The next diagram shows the same plan with cardinality estimates and extra details for the Key Lookup:

SQL Server 2005 plan

The cardinality estimate at the Index Seek is exactly correct.  The table is not very large, there are up-to-date statistics associated with the index, so this is as expected.  If you run a query to find all rows in the TransactionHistory table for ProductID #1, 45 rows will indeed be returned.

The estimate for the Key Lookup is exactly correct.  Each lookup into the Clustered Index to find the Transaction Date is guaranteed to return exactly one row (each non-clustered index entry is associated with exactly one base table row).  The Key Lookup is expected to be executed 45 times (shown circled).

The estimate for the Inner Join is exactly correct – 45 rows from the seek joining to one row each time from the lookup, gives a total of 45 rows.

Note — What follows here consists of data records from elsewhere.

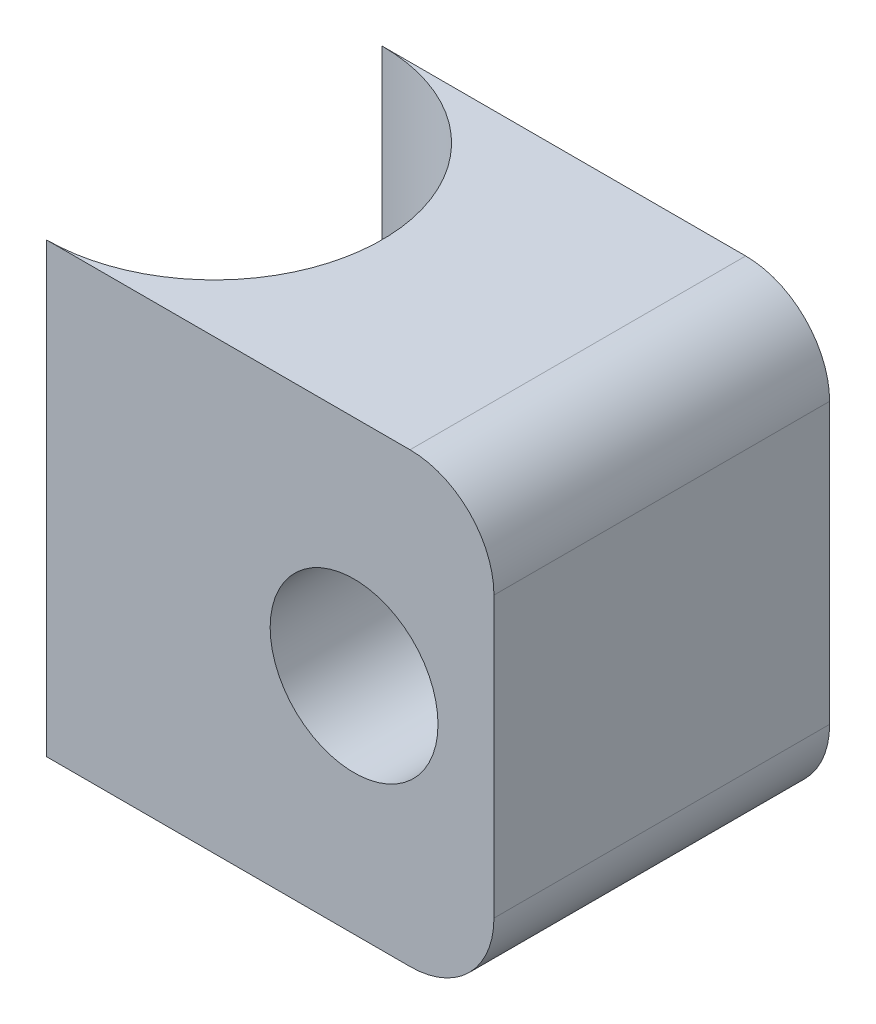
from build123d import *

# Parameters (mm, degrees)
SKETCH1_W           = 8
SKETCH1_H           = 8
BOSS_EXTRUDE1_DEPTH = 6
SKETCH2_R           = 1.5
CUT_EXTRUDE1_DEPTH  = 6
CUT_EXTRUDE3_DEPTH  = 9
SKETCH4_R           = 1.5
BOSS_EXTRUDE3_DEPTH = 1
FILLET1_R           = 1.5


with BuildPart() as part:
    # Sketch1 → Boss-Extrude1 (new body)
    with BuildSketch(Plane.XY):
        with Locations((4, 4)):
            Rectangle(SKETCH1_W, SKETCH1_H)
    extrude(amount=BOSS_EXTRUDE1_DEPTH)

    # Sketch2 → Cut-Extrude1 (cut)
    with BuildSketch(Plane(origin=(0, 0, 0), x_dir=(-1, 0, 0), z_dir=(0, 0, -1))):
        with Locations((-5.5, 4)):
            Circle(SKETCH2_R)
    extrude(amount=-CUT_EXTRUDE1_DEPTH, mode=Mode.SUBTRACT)

    # Sketch3 → Cut-Extrude3 (cut)
    with BuildSketch(Plane.XZ):
        with BuildLine():
            Line((0, 6), (0, 0))
            ThreePointArc((0, 0), (3, 3), (0, 6))
        make_face()
    extrude(amount=-CUT_EXTRUDE3_DEPTH, mode=Mode.SUBTRACT)

    # Sketch4 → Boss-Extrude3 (add)
    with BuildSketch(Plane(origin=(0, 0, 0), x_dir=(-1, 0, 0), z_dir=(0, 0, -1))):
        with Locations((-5.5, 4)):
            Circle(SKETCH4_R)
    extrude(amount=-BOSS_EXTRUDE3_DEPTH)

    # Fillet1
    fillet1_edges = [part.edges().sort_by_distance(p)[0] for p in [
        (8, 8, 3),
        (8, 0, 3),
    ]]
    fillet(fillet1_edges, radius=FILLET1_R)


solid = part.part
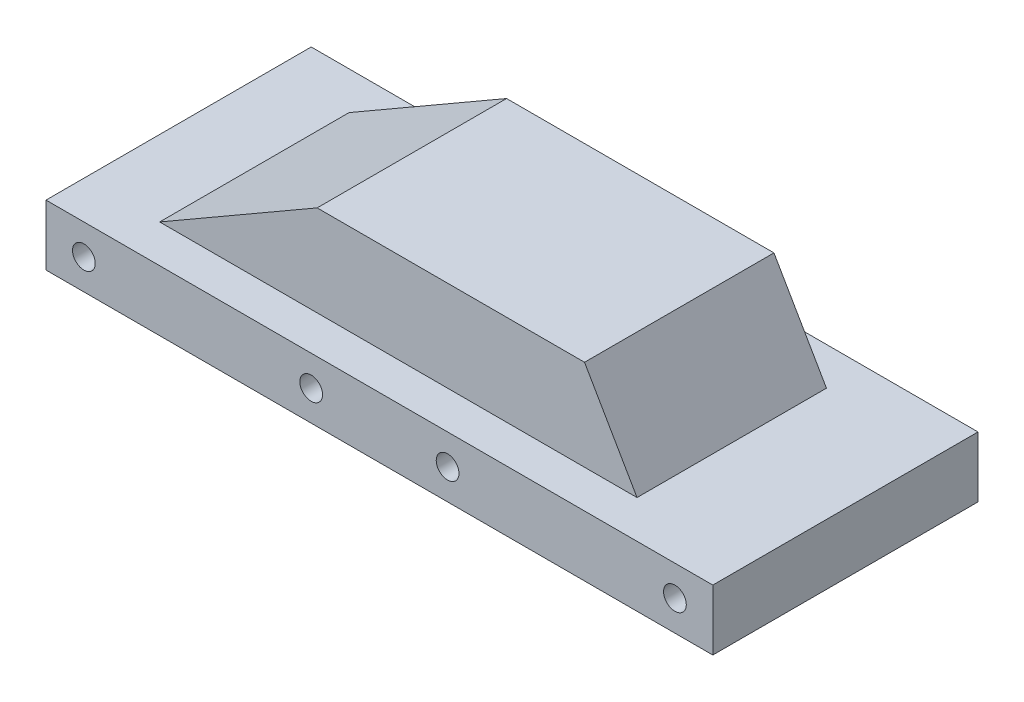
from build123d import *

# Parameters (mm, degrees)
EXTRUDE_1_DEPTH      = 4
EXTRUDE_1_DEPTH_BACK = 4
SKETCH_1_W           = 88
SKETCH_1_H           = 35
SKETCH_2_R           = 1.5
CUT_EXTRUDE_1_DEPTH  = 57.364882684
EXTRUDE_2_DEPTH      = 12.5


with BuildPart() as part:
    # 草图1 → 凸台-拉伸1 (new, two sides: drawn at the far end of the back side and taken through both)
    with BuildSketch(Plane(origin=(0, 0, 0), x_dir=(1, 0, 0), z_dir=(0, 1, 0)).offset(-EXTRUDE_1_DEPTH_BACK)):
        Rectangle(SKETCH_1_W, SKETCH_1_H)
    extrude(amount=EXTRUDE_1_DEPTH + EXTRUDE_1_DEPTH_BACK)

    # 草图2 → 切除-拉伸1 (cut, through all)
    with BuildSketch(Plane(origin=(0, 0, -17.5), x_dir=(-1, 0, 0), z_dir=(0, 0, -1))):
        with Locations((39, 0)):
            Circle(SKETCH_2_R)
        with Locations((-39, 0)):
            Circle(SKETCH_2_R)
        with Locations((-9, 0)):
            Circle(SKETCH_2_R)
        with Locations((9, 0)):
            Circle(SKETCH_2_R)
    extrude(amount=-CUT_EXTRUDE_1_DEPTH, mode=Mode.SUBTRACT)

    # 草图3 → 凸台-拉伸2 (add, symmetric)
    with BuildSketch(Plane.XY):
        Polygon((29, 4), (22.07179677, 16), (-13.215390309, 16), (-34, 4), align=None)
    extrude(amount=EXTRUDE_2_DEPTH, both=True)


solid = part.part

The Filter estimate is also good: SQL Server estimates that of the 45 rows entering the filter, 16.9951 rows will match the specified range of transaction dates.  In reality, only 11 rows are produced by this query, but that small difference in estimates is quite normal and certainly nothing to worry about here.  You might like to keep that estimate of 16.9951 rows in mind, however.

SQL Server 2008 onward

The same query executed against an identical copy of AdventureWorks on SQL Server 2008 (or R2, or 2012) produces a quite different execution plan:

SQL Server 2008 plan

Instead of an explicit Filter to find rows with the requested date range, the optimizer has pushed the date predicate down to the Key Lookup (the Key Lookup now has a predicate on Transaction Date).  This is a good optimization in general terms; it makes sense to filter rows as early as possible.  Unfortunately, it has made a bit of a mess of the cardinality estimates in the process.  The post-Filter estimate of 16.9951 rows seen in the 2005 plan has been moved to the Key Lookup.  Instead of estimating one row per lookup, the plan now suggests that 16.9951 rows will be produced by each clustered index lookup – clearly not right!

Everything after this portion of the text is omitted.